With two thirds of Siv’s sleeves finished, I have little more knitting to look forward to on this project. By Monday, I will have moved into the dread finishing stage, with all the grafting and sewing up and weaving in, and of course the moment of truth when I put on the sweater and see whether all my knitting has paid off in a sweater that I will love, or not. This means that I need a new project to begin on Monday.
I have a lot of longer-range knitting plans, including (assuming Siv turns out as well as I hope) another Siv with different stitch patterns and some felted things for Christmas gifts. But before that, I intend to use the remaining green Woolease to make some socks.
The knitting of socks has changed since I last knitted any. For one thing, it has become hugely popular. The last time I knitted a pair of socks, it was an anachronistic thing to do. No longer. Socks are now one of the most popular knitting projects, right up there with cell-phone cases.
There are also new ways to knit socks. People now begin their socks at the toe, or knit them on two circular needles. They use numerous different methods for turning the heel and shaping the toe. They add not just lace and cables, but also fur and beads and intarsia patterns. Many people knit both socks of the pair at once, on the same needles. There are also many special new sock yarns, including those that make their own color patterns as you knit and those that include a little bit of reinforcement yarn with each ball.
So there are big decisions to make.I am using up the leftover yarn from Siv, so I do not have to be tempted by Hot Sox or Crazy Feet. And after some intensive communion with my stitch-pattern books, I have decided to use a leaf-pattern lace stitch. But the question of what needles to use is exercising my mind a bit.

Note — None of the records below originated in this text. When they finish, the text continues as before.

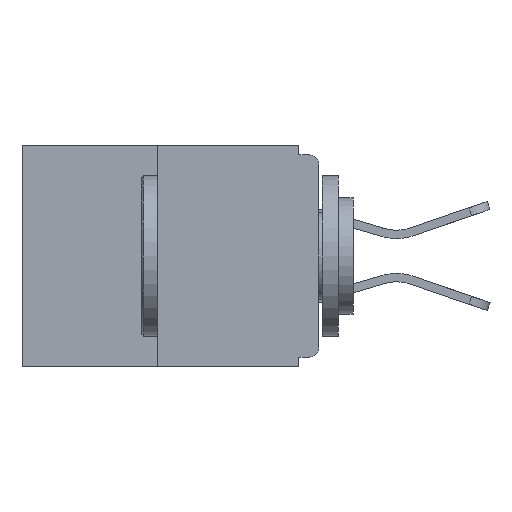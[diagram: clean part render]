
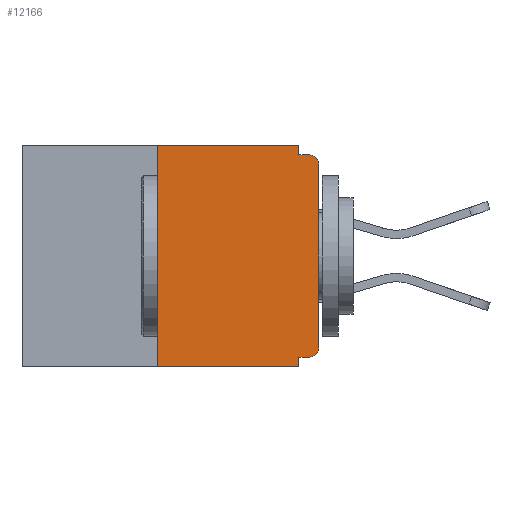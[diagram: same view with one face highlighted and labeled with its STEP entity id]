
A CAD part, left-side view. The second image highlights one B-rep face of the part: STEP entity #12166.
In plain terms, the highlighted planar face has unit normal (-1, 0, 0).
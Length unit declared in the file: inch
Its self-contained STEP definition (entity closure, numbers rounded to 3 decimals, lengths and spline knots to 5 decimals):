
#251 = EDGE_CURVE ( 'NONE', #6789, #2099, #13063, .T. ) ;
#456 = VERTEX_POINT ( 'NONE', #16855 ) ;
#589 = CARTESIAN_POINT ( 'NONE',  ( 0., 0.031, -0.015 ) ) ;
#648 = VECTOR ( 'NONE', #12299, 39.37008 ) ;
#949 = CARTESIAN_POINT ( 'NONE',  ( 0., 0.46, -0.343 ) ) ;
#1015 = DIRECTION ( 'NONE',  ( 0., -1., 0. ) ) ;
#1018 = ORIENTED_EDGE ( 'NONE', *, *, #12444, .F. ) ;
#1489 = ORIENTED_EDGE ( 'NONE', *, *, #14130, .F. ) ;
#1553 = ORIENTED_EDGE ( 'NONE', *, *, #16051, .T. ) ;
#2029 = VECTOR ( 'NONE', #5635, 39.37008 ) ;
#2099 = VERTEX_POINT ( 'NONE', #11036 ) ;
#2513 = CARTESIAN_POINT ( 'NONE',  ( 0., 0.031, -0.328 ) ) ;
#2523 = VECTOR ( 'NONE', #14605, 39.37008 ) ;
#3146 = VERTEX_POINT ( 'NONE', #15047 ) ;
#3176 = VECTOR ( 'NONE', #1015, 39.37008 ) ;
#3281 = EDGE_LOOP ( 'NONE', ( #15553, #9394, #1553, #1018, #1489, #11393, #9842, #7065, #14509, #13046 ) ) ;
#4202 = CARTESIAN_POINT ( 'NONE',  ( 0., 0.031, 0. ) ) ;
#5271 = CARTESIAN_POINT ( 'NONE',  ( 0., 0.031, 0. ) ) ;
#5534 = CARTESIAN_POINT ( 'NONE',  ( 0., 0.25, -0.343 ) ) ;
#5581 = DIRECTION ( 'NONE',  ( 0., -1., 0. ) ) ;
#5635 = DIRECTION ( 'NONE',  ( 0., 0., -1. ) ) ;
#5746 = VECTOR ( 'NONE', #5581, 39.37008 ) ;
#5886 = LINE ( 'NONE', #949, #3176 ) ;
#6510 = AXIS2_PLACEMENT_3D ( 'NONE', #8123, #16675, #8061 ) ;
#6789 = VERTEX_POINT ( 'NONE', #589 ) ;
#6872 = AXIS2_PLACEMENT_3D ( 'NONE', #17075, #10003, #14261 ) ;
#7065 = ORIENTED_EDGE ( 'NONE', *, *, #11221, .T. ) ;
#7157 = LINE ( 'NONE', #15218, #18271 ) ;
#7294 = CIRCLE ( 'NONE', #6872, 0.015 ) ;
#7665 = VERTEX_POINT ( 'NONE', #11870 ) ;
#7759 = EDGE_CURVE ( 'NONE', #15912, #6789, #17613, .T. ) ;
#8061 = DIRECTION ( 'NONE',  ( 0., 0., -1. ) ) ;
#8123 = CARTESIAN_POINT ( 'NONE',  ( 0., 0.46, 0. ) ) ;
#8216 = EDGE_CURVE ( 'NONE', #7665, #18246, #7157, .T. ) ;
#9111 = CIRCLE ( 'NONE', #14252, 0.015 ) ;
#9394 = ORIENTED_EDGE ( 'NONE', *, *, #18094, .F. ) ;
#9842 = ORIENTED_EDGE ( 'NONE', *, *, #8216, .T. ) ;
#10003 = DIRECTION ( 'NONE',  ( -1., 0., 0. ) ) ;
#10218 = VECTOR ( 'NONE', #15487, 39.37008 ) ;
#10864 = CARTESIAN_POINT ( 'NONE',  ( 0., 0., -0.03 ) ) ;
#11036 = CARTESIAN_POINT ( 'NONE',  ( 0., 0.015, -0.015 ) ) ;
#11221 = EDGE_CURVE ( 'NONE', #18246, #2099, #7294, .T. ) ;
#11393 = ORIENTED_EDGE ( 'NONE', *, *, #17899, .T. ) ;
#11527 = LINE ( 'NONE', #12703, #5746 ) ;
#11870 = CARTESIAN_POINT ( 'NONE',  ( 0., 0., -0.313 ) ) ;
#12135 = FACE_OUTER_BOUND ( 'NONE', #3281, .T. ) ;
#12145 = VECTOR ( 'NONE', #15330, 39.37008 ) ;
#12166 = ADVANCED_FACE ( 'NONE', ( #12135 ), #16099, .F. ) ;
#12299 = DIRECTION ( 'NONE',  ( 0., 1., 0. ) ) ;
#12444 = EDGE_CURVE ( 'NONE', #13809, #456, #14600, .T. ) ;
#12703 = CARTESIAN_POINT ( 'NONE',  ( 0., 0.46, 0. ) ) ;
#12765 = VERTEX_POINT ( 'NONE', #5534 ) ;
#13046 = ORIENTED_EDGE ( 'NONE', *, *, #7759, .F. ) ;
#13063 = LINE ( 'NONE', #18193, #12145 ) ;
#13226 = CARTESIAN_POINT ( 'NONE',  ( 0., 0.015, -0.313 ) ) ;
#13809 = VERTEX_POINT ( 'NONE', #2513 ) ;
#13900 = EDGE_CURVE ( 'NONE', #14069, #15912, #11527, .T. ) ;
#14011 = CARTESIAN_POINT ( 'NONE',  ( 0., 0.25, 0. ) ) ;
#14069 = VERTEX_POINT ( 'NONE', #17996 ) ;
#14130 = EDGE_CURVE ( 'NONE', #3146, #13809, #14848, .T. ) ;
#14252 = AXIS2_PLACEMENT_3D ( 'NONE', #13226, #14586, #14643 ) ;
#14261 = DIRECTION ( 'NONE',  ( 0., 0., -1. ) ) ;
#14509 = ORIENTED_EDGE ( 'NONE', *, *, #251, .F. ) ;
#14586 = DIRECTION ( 'NONE',  ( -1., 0., 0. ) ) ;
#14600 = LINE ( 'NONE', #17318, #2523 ) ;
#14605 = DIRECTION ( 'NONE',  ( 0., 0., -1. ) ) ;
#14643 = DIRECTION ( 'NONE',  ( 0., 0., -1. ) ) ;
#14848 = LINE ( 'NONE', #15141, #648 ) ;
#15047 = CARTESIAN_POINT ( 'NONE',  ( 0., 0.015, -0.328 ) ) ;
#15141 = CARTESIAN_POINT ( 'NONE',  ( 0., 0., -0.328 ) ) ;
#15218 = CARTESIAN_POINT ( 'NONE',  ( 0., 0., 0. ) ) ;
#15330 = DIRECTION ( 'NONE',  ( 0., -1., 0. ) ) ;
#15487 = DIRECTION ( 'NONE',  ( 0., 0., 1. ) ) ;
#15553 = ORIENTED_EDGE ( 'NONE', *, *, #13900, .F. ) ;
#15912 = VERTEX_POINT ( 'NONE', #5271 ) ;
#16051 = EDGE_CURVE ( 'NONE', #12765, #456, #5886, .T. ) ;
#16099 = PLANE ( 'NONE',  #6510 ) ;
#16675 = DIRECTION ( 'NONE',  ( 1., 0., 0. ) ) ;
#16855 = CARTESIAN_POINT ( 'NONE',  ( 0., 0.031, -0.343 ) ) ;
#17075 = CARTESIAN_POINT ( 'NONE',  ( 0., 0.015, -0.03 ) ) ;
#17318 = CARTESIAN_POINT ( 'NONE',  ( 0., 0.031, -0.343 ) ) ;
#17579 = LINE ( 'NONE', #14011, #10218 ) ;
#17613 = LINE ( 'NONE', #4202, #2029 ) ;
#17899 = EDGE_CURVE ( 'NONE', #3146, #7665, #9111, .T. ) ;
#17996 = CARTESIAN_POINT ( 'NONE',  ( 0., 0.25, 0. ) ) ;
#18094 = EDGE_CURVE ( 'NONE', #12765, #14069, #17579, .T. ) ;
#18193 = CARTESIAN_POINT ( 'NONE',  ( 0., 0., -0.015 ) ) ;
#18206 = DIRECTION ( 'NONE',  ( 0., 0., 1. ) ) ;
#18246 = VERTEX_POINT ( 'NONE', #10864 ) ;
#18271 = VECTOR ( 'NONE', #18206, 39.37008 ) ;
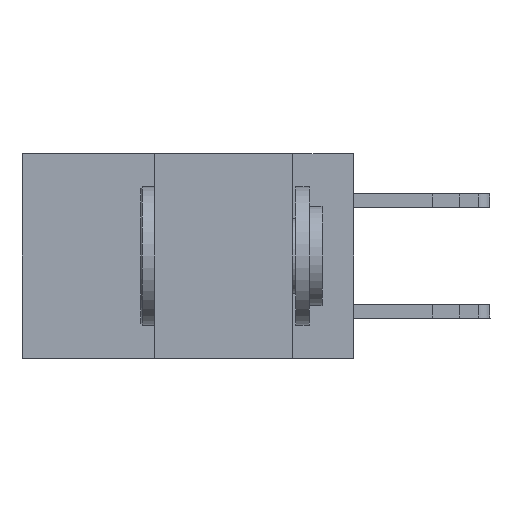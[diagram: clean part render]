
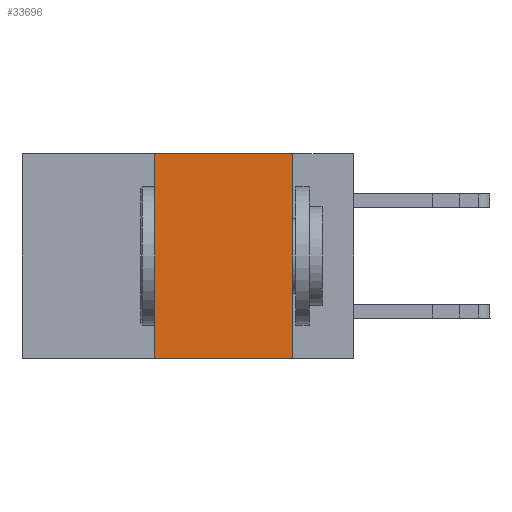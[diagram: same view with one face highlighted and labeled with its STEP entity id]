
A CAD part, left-side view. The second image highlights one B-rep face of the part: STEP entity #33696.
In plain terms, the highlighted planar face has unit normal (-1, 0, 0).
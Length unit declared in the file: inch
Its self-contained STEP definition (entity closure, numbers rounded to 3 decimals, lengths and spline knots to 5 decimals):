
#415 = DIRECTION ( 'NONE',  ( 0., 0., 1. ) ) ;
#811 = CARTESIAN_POINT ( 'NONE',  ( 0., 0.6, -0.37 ) ) ;
#3031 = EDGE_LOOP ( 'NONE', ( #7217, #31360, #33014, #25856 ) ) ;
#3311 = EDGE_CURVE ( 'NONE', #27928, #29588, #27632, .T. ) ;
#4568 = LINE ( 'NONE', #27974, #6260 ) ;
#5921 = CARTESIAN_POINT ( 'NONE',  ( 0., 0.11, 0. ) ) ;
#6260 = VECTOR ( 'NONE', #19813, 39.37008 ) ;
#6325 = AXIS2_PLACEMENT_3D ( 'NONE', #33412, #11901, #6360 ) ;
#6360 = DIRECTION ( 'NONE',  ( 0., 0., -1. ) ) ;
#6496 = FACE_OUTER_BOUND ( 'NONE', #3031, .T. ) ;
#7217 = ORIENTED_EDGE ( 'NONE', *, *, #14226, .F. ) ;
#7834 = VECTOR ( 'NONE', #415, 39.37008 ) ;
#8805 = VERTEX_POINT ( 'NONE', #5921 ) ;
#11804 = LINE ( 'NONE', #12381, #12664 ) ;
#11901 = DIRECTION ( 'NONE',  ( 1., 0., 0. ) ) ;
#12381 = CARTESIAN_POINT ( 'NONE',  ( 0., 0.6, 0. ) ) ;
#12664 = VECTOR ( 'NONE', #28980, 39.37008 ) ;
#13654 = CARTESIAN_POINT ( 'NONE',  ( 0., 0.36, 0. ) ) ;
#14226 = EDGE_CURVE ( 'NONE', #8805, #16472, #4568, .T. ) ;
#14994 = DIRECTION ( 'NONE',  ( 0., -1., 0. ) ) ;
#15178 = EDGE_CURVE ( 'NONE', #29588, #8805, #11804, .T. ) ;
#16472 = VERTEX_POINT ( 'NONE', #26639 ) ;
#17005 = CARTESIAN_POINT ( 'NONE',  ( 0., 0.36, -0.37 ) ) ;
#18743 = LINE ( 'NONE', #811, #27324 ) ;
#19813 = DIRECTION ( 'NONE',  ( 0., 0., -1. ) ) ;
#20032 = CARTESIAN_POINT ( 'NONE',  ( 0., 0.36, 0. ) ) ;
#25856 = ORIENTED_EDGE ( 'NONE', *, *, #30461, .T. ) ;
#26639 = CARTESIAN_POINT ( 'NONE',  ( 0., 0.11, -0.37 ) ) ;
#27324 = VECTOR ( 'NONE', #14994, 39.37008 ) ;
#27632 = LINE ( 'NONE', #20032, #7834 ) ;
#27928 = VERTEX_POINT ( 'NONE', #17005 ) ;
#27974 = CARTESIAN_POINT ( 'NONE',  ( 0., 0.11, 0. ) ) ;
#28980 = DIRECTION ( 'NONE',  ( 0., -1., 0. ) ) ;
#29588 = VERTEX_POINT ( 'NONE', #13654 ) ;
#30461 = EDGE_CURVE ( 'NONE', #27928, #16472, #18743, .T. ) ;
#30881 = PLANE ( 'NONE',  #6325 ) ;
#31360 = ORIENTED_EDGE ( 'NONE', *, *, #15178, .F. ) ;
#33014 = ORIENTED_EDGE ( 'NONE', *, *, #3311, .F. ) ;
#33412 = CARTESIAN_POINT ( 'NONE',  ( 0., 0.6, 0. ) ) ;
#33696 = ADVANCED_FACE ( 'NONE', ( #6496 ), #30881, .F. ) ;

On the one hand, it seems that most of the new methods are mostly intended to allow one to avoid double pointed needles. Since I have nothing against DPs, there might not be any advantage in it. On the other hand, it’s hard to carry DP knitting around without having stitches slip off the needles. And it might be nice to try something new. But on the third, or fourth, or maybe just back on the first hand, it seems as though knitting on two long circular needles at once would inevitably leave you with one of them flopping about irritatingly, possibly poking unwary bystanders. I will have to visit the local yarn shop and find someone who has tried both methods and see just how much of a menace to the populace this two-needle method entails.
One thing I can say for sure. As charming as the picture of knitting needles walking around in their socks is, there is no way in the world that you could knit socks on two straight needles as pictured. No wonder the yarn is in such a tangle!